By definition, #pH=-log_10[H_3O^+]#. And the use of the logarithmic function dates back to pre-electronic calculator days, when students, and engineers, and scientists, used logarithmic tables for more complex calculations, the which a modern calculator, available for a dollar or so, would EAT today....
For a strong acid, say #HCl# at MAXIMUM concentration, approx. #10.6*mol*L^-1#, which is conceived to ionize completely in aqueous solution, we gots...

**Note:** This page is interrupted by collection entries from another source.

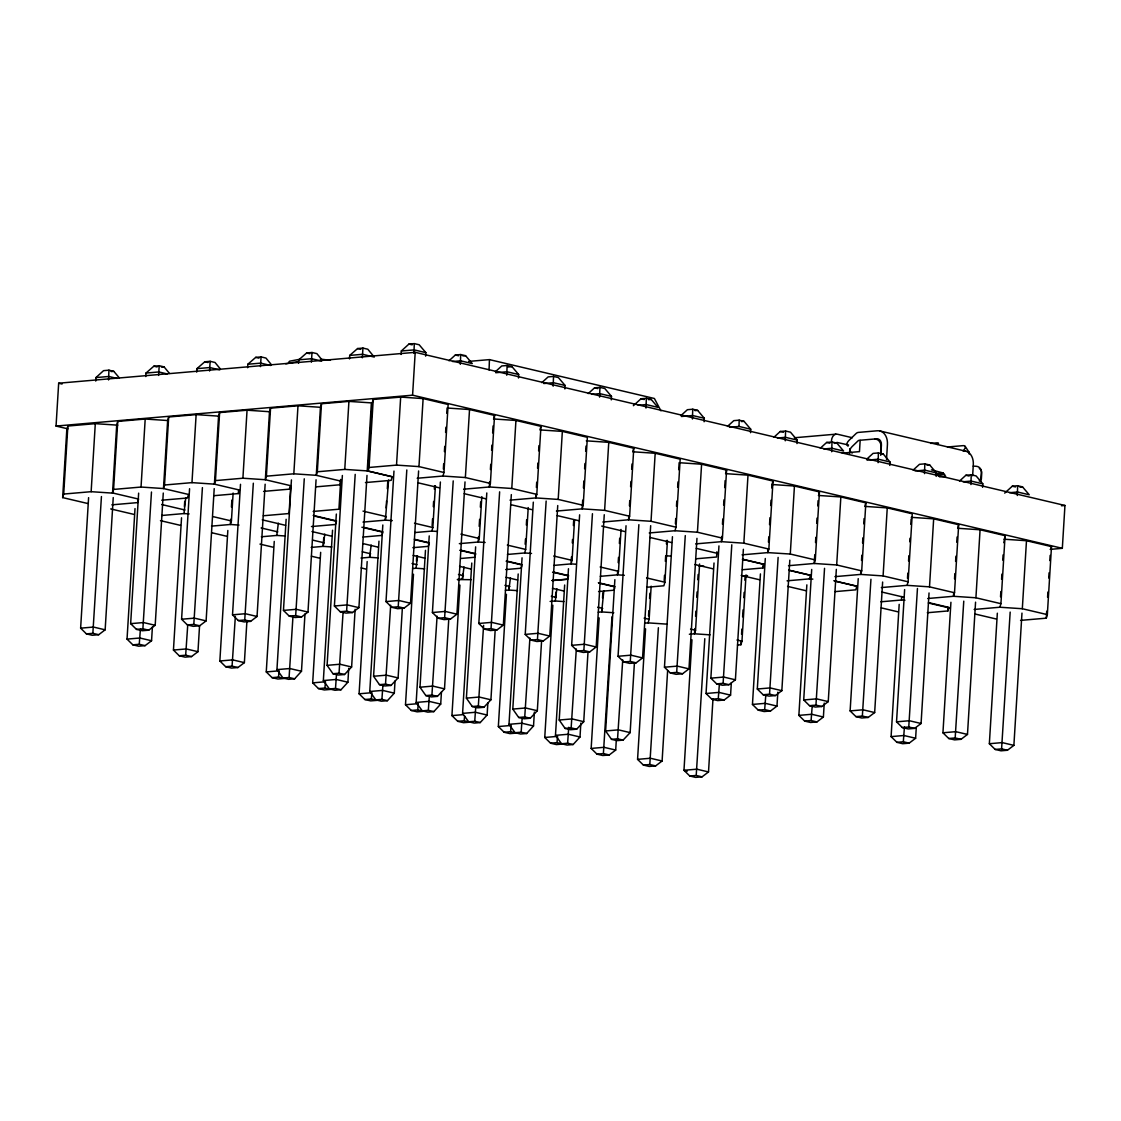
<?xml version="1.0" encoding="UTF-8"?>
<svg xmlns="http://www.w3.org/2000/svg" width="1121" height="1121" viewBox="0 0 1121 1121"><rect width="100%" height="100%" fill="white"/><g stroke="black" fill="none" stroke-linecap="round" stroke-linejoin="round"><path stroke-width="1.5" d="M95.733 381.056L95.944 377.581L103.552 370.659L108.919 370.182L108.569 379.949M401.108 354.474L401.318 350.999L408.927 344.077L414.294 343.615L413.943 353.367M449.003 360.78L455.336 355.007L460.703 354.544L460.353 364.311M495.412 371.724L501.746 365.95L507.112 365.488L506.762 375.241M541.821 382.667L548.155 376.894L553.522 376.418L553.171 386.185M588.231 393.597L594.564 387.824L599.931 387.362L599.581 397.128M633.379 405.69L640.988 398.768L646.341 398.305L645.99 408.058M681.05 415.485L687.397 409.697L692.75 409.235L692.414 419.002M750.51 432.692L750.72 429.217L739.033 426.456L739.159 420.179L733.807 420.641L727.459 426.414M773.896 437.274L780.244 431.501L785.597 431.039L785.26 440.805M820.306 448.218L826.653 442.445L832.006 441.982L831.67 451.749M866.729 459.162L873.063 453.388L878.416 452.926L878.079 462.679M913.139 470.091L919.472 464.318L924.825 463.856L924.489 473.623M959.548 481.035L965.882 475.262L971.234 474.8L970.898 484.552M1004.682 493.128L1012.291 486.206L1017.658 485.729L1017.308 495.496M489.064 369.958L489.429 359.617L468.69 361.41M67.961 428.867L56.05 426.064L58.67 383.214L415.204 352.33L1064.95 505.473L1062.33 548.323L1050.153 549.374M87.662 503.483L62.65 497.598L66.812 429.581L67.863 426.036L95.299 423.654L117.747 425.167M62.65 497.598L63.701 494.053L67.863 426.036M113.235 497.556L105.15 629.82L98.69 634.71L92.272 635.271L86.429 633.883L80.628 628.166L88.601 497.654M63.701 494.053L91.137 491.685L95.299 423.654M101.436 496.547L92.847 633.323L86.429 633.883M111.82 504.842L137.561 502.614L138.598 499.083L112.548 492.96L116.71 424.943L117.747 421.412L145.198 419.03L167.646 420.529L168.682 416.998L196.133 414.616L218.567 416.129L219.618 412.584L247.054 410.202L269.502 411.715L270.553 408.17L297.99 405.788L320.438 407.301L321.475 403.756L348.925 401.388L371.373 402.887L367.212 470.904L392.224 476.803L391.173 480.334L365.446 482.562M112.548 492.96L113.585 489.429L117.747 421.412M152.414 626.835L151.559 640.75L145.099 645.64L138.682 646.2L132.839 644.827L127.037 639.11L135.01 508.598M163.274 493.044L155.188 625.294L148.729 630.184L142.311 630.745L136.468 629.371L130.653 623.654L138.64 493.142M145.772 376.544L145.982 373.069L153.843 366.203L159.21 365.726L164.086 366.889L169.439 373.405M113.585 489.429L141.036 487.046L145.198 419.03M140.391 629.301L139.256 644.267L132.839 644.827M151.475 492.021L142.885 628.811L136.468 629.371M158.607 375.437L159.21 365.726M167.646 420.529L163.484 488.546L188.482 494.445L187.445 497.99L161.718 500.218M141.036 487.046L163.484 488.546L164.521 485.015L168.682 416.998M199.566 625.588L197.969 651.693L191.509 656.584L185.091 657.144L179.248 655.757L173.447 650.054L181.532 517.79M184.39 506.58L184.713 501.353M161.662 515.492L183.97 513.558L185.75 497.808M214.209 488.63L206.11 620.894L199.664 625.784L193.246 626.331L187.403 624.958L181.588 619.24L189.575 488.728M196.707 372.13L196.918 368.655L204.779 361.789L210.145 361.326L215.022 362.475L220.375 368.991M164.521 485.015L191.971 482.633L196.133 414.616M187.768 624.579L185.666 655.21L179.248 655.757M202.411 487.621L193.807 624.397L187.403 624.958M209.543 371.023L210.145 361.326M218.567 416.129L214.405 484.146L239.418 490.031L238.381 493.576L214.363 495.65M191.971 482.633L214.405 484.146L215.456 480.601L219.618 412.584M246.928 620.866L244.378 662.637L237.918 667.527L231.501 668.074L225.657 666.701L219.856 660.984L227.829 530.471M230.702 519.261L230.38 524.488L211.505 526.127M231.444 507.056L231.865 500.078M239.011 525.076L230.38 524.488L231.416 520.957L233.126 493.044M238.381 493.576L238.591 490.087M265.145 484.216L257.045 616.48L250.6 621.37L244.182 621.917L238.325 620.544L232.523 614.826L240.511 484.314M247.643 367.716L247.853 364.241L255.714 357.375L261.081 356.912L265.957 358.061L271.31 364.577M215.456 480.601L242.907 478.219L247.054 410.202M235.354 616.368L232.075 666.14L225.657 666.701M253.332 483.207L244.742 619.983L238.325 620.544M260.464 366.609L261.081 356.912M269.502 411.715L265.341 479.732L290.353 485.617L289.316 489.162L263.575 491.39M242.907 478.219L265.341 479.732L266.392 476.187L270.553 408.17M272.067 677.645L278.484 677.084L284.342 678.457L277.924 679.018L272.067 677.645L266.266 671.927L274.253 541.415M261.347 536.777L276.789 535.432L278.358 523.171M304.982 613.888L301.479 671.269L294.613 678.808L288.559 679.326L283.038 678.023L276.943 669.629L286.135 519.289M290.773 485.631L289.064 513.53L263.337 515.758M316.066 479.802L307.981 612.066L301.521 616.956L295.103 617.517L289.26 616.13L283.459 610.413L291.432 479.9M298.564 363.302L298.789 359.827L306.65 352.961L312.002 352.498L316.893 353.647L322.245 360.163M266.392 476.187L293.828 473.805L297.99 405.788M292.973 616.354L289.092 677.504L283.038 678.023M304.267 478.793L295.678 615.583L289.26 616.13M311.4 362.195L312.002 352.498M320.438 407.301L316.276 475.318L341.288 481.217L340.252 484.748L316.234 486.836M293.828 473.805L316.276 475.318L317.327 471.773L321.475 403.756M318.476 688.574L324.894 688.028L330.751 689.401L324.333 689.961L318.476 688.574L312.675 682.871L320.662 552.345M323.731 537.646L323.198 546.375L311.19 547.412M331.83 546.95L323.198 546.375L324.768 534.114M348.729 668.298L347.888 682.213L341.022 689.737L334.969 690.27L329.448 688.967L323.352 680.573L332.545 530.233M355.147 609.306L351.616 666.995L344.539 674.506L338.486 675.024L332.979 673.735L327.094 665.342L336.342 514.063M340.252 484.748L340.56 479.522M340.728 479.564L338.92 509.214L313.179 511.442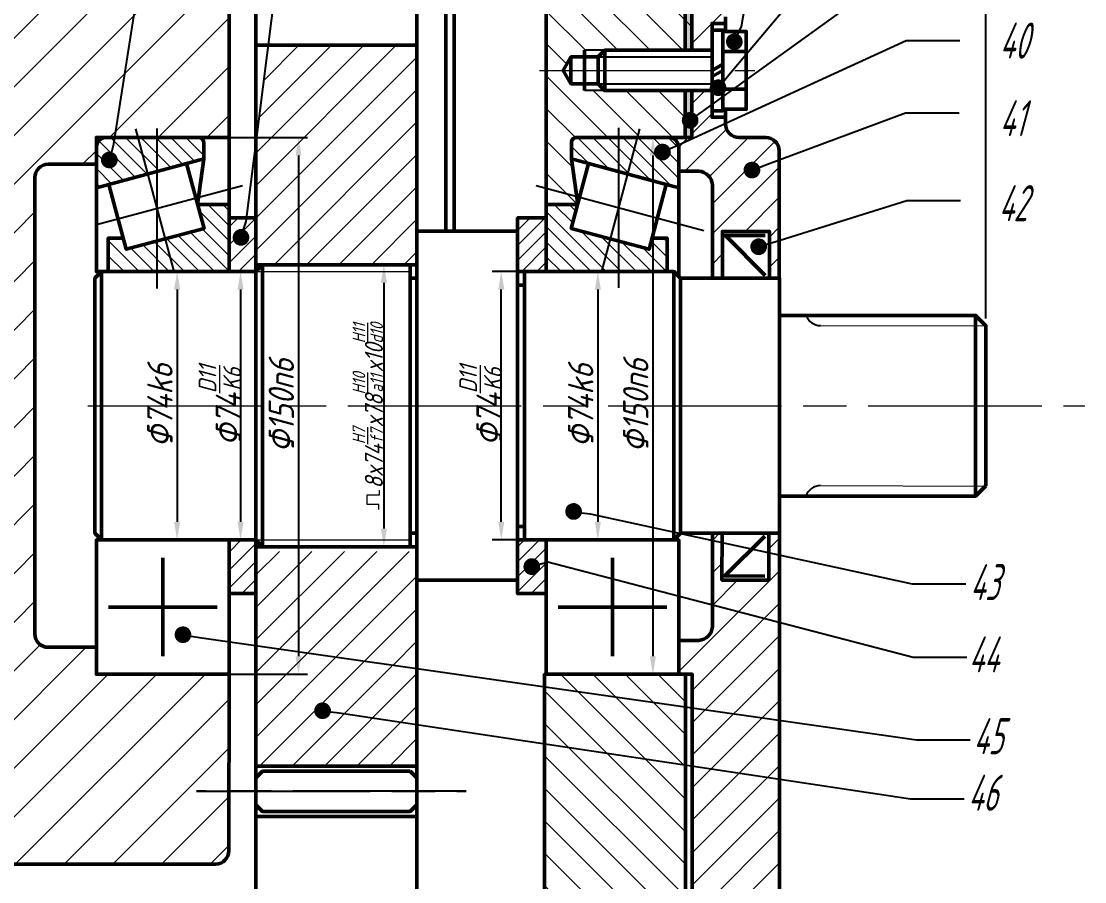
# Model space of a CAD drawing. Header units: millimetres. Extents: x 47 to 1236, y 39 to 880.
# Drawn here: x 394.3 to 541.4, y 495.7 to 614.8 of the extents above; entities that cross this region are included whole.
import ezdxf

# ---------------------------------------------------------------- set-up
doc = ezdxf.new("R2010")
doc.units = ezdxf.units.MM
doc.linetypes.add('ACAD_ISO08W100', pattern=[36, 24, -3, 6, -3])
doc.layers.get('Defpoints').update_dxf_attribs({"lineweight": 35})
for name, color, linetype, lineweight in [('中心线', 1, 'ACAD_ISO08W100', 35), ('剖面线', 6, 'Continuous', 35), ('尺寸', 4, 'Continuous', 25), ('粗实线', 7, 'Continuous', 50), ('细实线', 7, 'Continuous', 20)]:
    doc.layers.add(name, color=color, linetype=linetype, lineweight=lineweight)
doc.layers.add('尺寸标注', color=4, linetype='Continuous')
doc.styles.get("Standard").update_dxf_attribs({"font": 'arial.ttf'})
doc.styles.add('工程字', font='gbenor.shx', dxfattribs={"width": 0.65, "oblique": 15, "height": 5, "bigfont": 'gbcbig.shx'})
doc.styles.add('工程字-35', font='gbeitc.shx', dxfattribs={"height": 3.5, "bigfont": 'gbcbig.shx'})
doc.dimstyles.new('GB-5', dxfattribs={"dimtxt": 5, "dimasz": 5, "dimexe": 2.5, "dimexo": 1, "dimgap": 1.25, "dimtad": 1, "dimdec": 0, "dimdsep": 46, "dimtxsty": '工程字', "dimcen": 5, "dimadec": 0, "dimazin": 0, "dimtol": 1, "dimtm": 0.029, "dimtfac": 0.7, "dimtdec": 0, "dimtix": 1, "dimtmove": 0, "dimatfit": 3, "dimtzin": 0, "dimarcsym": 0})
doc.dimstyles.new('ISO-25', dxfattribs={"dimtxt": 2.5, "dimasz": 2.5, "dimexe": 1.25, "dimexo": 0.625, "dimtad": 1, "dimtxsty": 'Standard', "dimcen": 2.5, "dimadec": 0, "dimazin": 0, "dimtfac": 1, "dimtmove": 0, "dimatfit": 3, "dimfxl": 1, "dimarcsym": 0})
pattern_1 = [(45, (-2345.199, -1236.9755), (-3.367596, 3.367596), [])]
pattern_2 = [(45, (-2345.1992, -1236.9755), (-2.245064, 2.245064), [])]
pattern_3 = [(135, (-2345.1992, -1236.9755), (-2.245064, -2.245064), [])]
pattern_4 = [(135, (-835.5803, -1302.6162), (-1.042271, -1.042271), [])]

# ---------------------------------------------------------------- blocks, each defined once
blk = doc.blocks.new('*D45')
at = {"layer": 'Defpoints', "color": 0, "transparency": 16777216}
for p in [(527.72, 789.45), (527.72, 572.62), (186.04, 467.02)]:
    blk.add_point(p, dxfattribs=at)
at = {"layer": '尺寸', "color": 0, "lineweight": -2, "transparency": 16777216}
for p, q in [((186.04, 468.02), (186.04, 791.95)), ((527.72, 573.62), (527.72, 791.95)), ((191.04, 789.45), (522.72, 789.45))]:
    blk.add_line(p, q, dxfattribs=at)
at = {"layer": '尺寸', "color": 0, "transparency": 16777216}
for points in [[(191.04, 790.28), (191.04, 788.62), (186.04, 789.45)], [(522.72, 790.28), (522.72, 788.62), (527.72, 789.45)]]:
    blk.add_solid(points, dxfattribs=at)
at = {"layer": '尺寸', "color": 0, "lineweight": 20, "transparency": 16777216, "insert": (367.55, 793.2), "char_height": 5, "width": 5.653, "attachment_point": 5, "style": '工程字'}
blk.add_mtext('684', dxfattribs=at)
blk = doc.blocks.new('*D77')
at = {"layer": 'Defpoints', "color": 0, "transparency": 16777216}
for p in [(406.3, 580.13), (406.3, 542.99), (415.82, 542.99)]:
    blk.add_point(p, dxfattribs=at)
at = {"layer": '尺寸', "color": 0, "lineweight": -2, "transparency": 16777216}
for p, q in [((406.92, 580.13), (417.07, 580.13)), ((415.82, 577.63), (415.82, 545.49)), ((406.92, 542.99), (417.07, 542.99))]:
    blk.add_line(p, q, dxfattribs=at)
at = {"layer": '尺寸', "color": 0, "transparency": 16777216}
for points in [[(415.4, 577.63), (416.24, 577.63), (415.82, 580.13)], [(415.4, 545.49), (416.24, 545.49), (415.82, 542.99)]]:
    blk.add_solid(points, dxfattribs=at)
at = {"layer": '尺寸', "color": 0, "lineweight": 20, "transparency": 16777216, "insert": (413.44, 561.56), "char_height": 3.5, "attachment_point": 5, "rotation": 90, "style": '工程字-35'}
blk.add_mtext('Φ74k6', dxfattribs=at)
blk = doc.blocks.new('*D78')
at = {"layer": 'Defpoints', "color": 0, "transparency": 16777216}
for p in [(426.71, 580.13), (424.6, 542.99), (426.71, 542.99)]:
    blk.add_point(p, dxfattribs=at)
at = {"layer": '尺寸', "color": 0, "lineweight": -2, "transparency": 16777216}
for p, q in [((426.08, 580.13), (423.35, 580.13)), ((424.6, 577.63), (424.6, 545.49)), ((426.08, 542.99), (423.35, 542.99))]:
    blk.add_line(p, q, dxfattribs=at)
at = {"layer": '尺寸', "color": 0, "transparency": 16777216}
for points in [[(424.18, 577.63), (425.01, 577.63), (424.6, 580.13)], [(424.18, 545.49), (425.01, 545.49), (424.6, 542.99)]]:
    blk.add_solid(points, dxfattribs=at)
at = {"layer": '尺寸', "color": 0, "lineweight": 20, "transparency": 16777216, "insert": (421.73, 561.56), "char_height": 3.5, "attachment_point": 5, "rotation": 90, "style": '工程字-35'}
blk.add_mtext('Φ74{\\H0.7x;\\SD11/K6;}', dxfattribs=at)
blk = doc.blocks.new('*D79')
at = {"layer": 'Defpoints', "color": 0, "transparency": 16777216}
for p in [(420.85, 598.68), (420.85, 524.41), (432.61, 524.41)]:
    blk.add_point(p, dxfattribs=at)
at = {"layer": '尺寸', "color": 0, "lineweight": -2, "transparency": 16777216}
for p, q in [((421.47, 598.68), (433.86, 598.68)), ((432.61, 596.18), (432.61, 526.91)), ((421.47, 524.41), (433.86, 524.41))]:
    blk.add_line(p, q, dxfattribs=at)
at = {"layer": '尺寸', "color": 0, "transparency": 16777216}
for points in [[(432.2, 596.18), (433.03, 596.18), (432.61, 598.68)], [(432.2, 526.91), (433.03, 526.91), (432.61, 524.41)]]:
    blk.add_solid(points, dxfattribs=at)
at = {"layer": '尺寸', "color": 0, "lineweight": 20, "transparency": 16777216, "insert": (430.24, 561.55), "char_height": 3.5, "attachment_point": 5, "rotation": 90, "style": '工程字-35'}
blk.add_mtext('Φ150n6', dxfattribs=at)
blk = doc.blocks.new('*D80')
at = {"layer": 'Defpoints', "color": 0, "transparency": 16777216}
for p in [(481.65, 598.68), (481.65, 524.41), (482.4, 524.41)]:
    blk.add_point(p, dxfattribs=at)
at = {"layer": '尺寸', "color": 0, "lineweight": -2, "transparency": 16777216}
for p, q in [((482.28, 598.68), (482.9, 598.68)), ((481.65, 596.18), (481.65, 526.91)), ((481.78, 524.41), (480.4, 524.41))]:
    blk.add_line(p, q, dxfattribs=at)
at = {"layer": '尺寸', "color": 0, "transparency": 16777216}
for points in [[(481.23, 596.18), (482.07, 596.18), (481.65, 598.68)], [(481.23, 526.91), (482.07, 526.91), (481.65, 524.41)]]:
    blk.add_solid(points, dxfattribs=at)
at = {"layer": '尺寸', "color": 0, "lineweight": 20, "transparency": 16777216, "insert": (479.28, 561.55), "char_height": 3.5, "attachment_point": 5, "rotation": 90, "style": '工程字-35'}
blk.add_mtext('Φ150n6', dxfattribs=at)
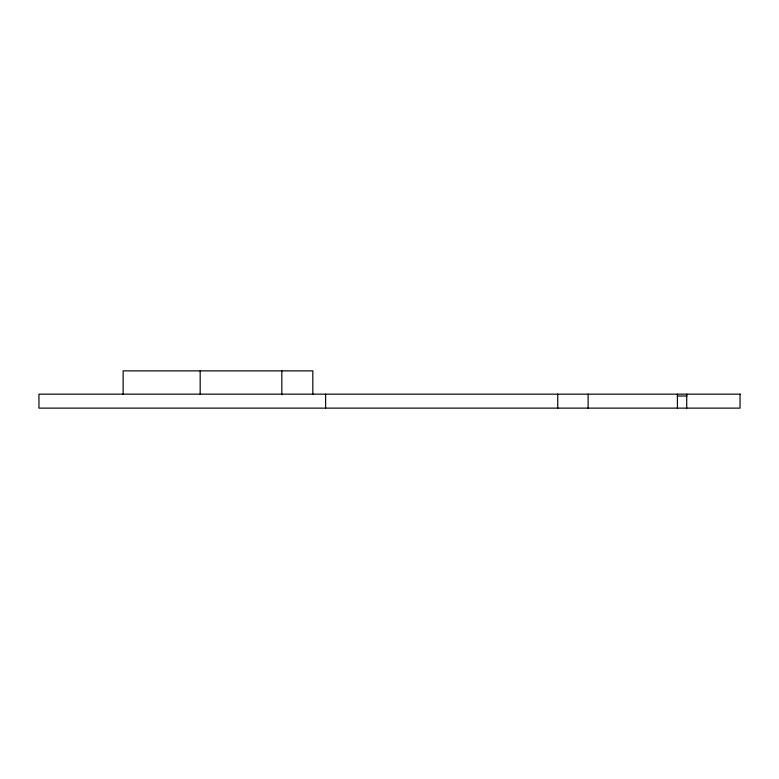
<?xml version="1.0" encoding="UTF-8"?>
<svg xmlns="http://www.w3.org/2000/svg" width="779" height="779" viewBox="0 0 779 779"><rect width="100%" height="100%" fill="white"/><g stroke="black" fill="none" stroke-linecap="round" stroke-linejoin="round"><path stroke-width="1.17" d="M677.399 396.014L687.049 396.014M686.718 394.155L686.718 408.128M677.399 394.155L677.399 408.128M588.116 394.155L588.116 408.128M557.754 394.155L557.754 408.128M325.622 394.155L325.622 408.128M312.827 394.155L312.827 370.872L123.14 370.872L123.14 394.155M281.823 370.872L281.823 394.904M200.174 370.872L200.174 394.155M740.05 394.155L38.95 394.155L38.95 408.128L740.05 408.128L740.05 394.155"/></g></svg>

#HCl(aq) + H_2O(l) rarr H_3O^+ +Cl^-#
Now here, #[H_3O^+]=10.6*mol*L^-1#....
And so #pH=-log_10[H_3O^+]=-log_10{10.6}=-(+1.03)=-1.03#..
And thus for stronger acid #[H_3O^+]# GIVE A MORE NEGATIVE #pH#....
For background...
Just to note that in aqueous solution under standard conditions, the ion product...
#K_w=[H_3O^+][HO^-]=10^(-14)#...
And we can take #log_10# of both sides to give....
#log_(10)K_w=log_(10)10^(-14)=log_10[H_3O^+]+log_10[HO^-]#.
And thus.... #-14=log_(10)[H_3O^+]+log_(10)[HO^-]#
Or.....
#14=-log_(10)[H_3O^+]-log_(10)[HO^-]#
#14=underbrace(-log_10[H^+])_(pH)underbrace(-log_10[OH^-])_(pOH)#
#14=pH+pOH#
By definition, #-log_10[H^+]=pH#, #-log_10[HO^-]=pOH#.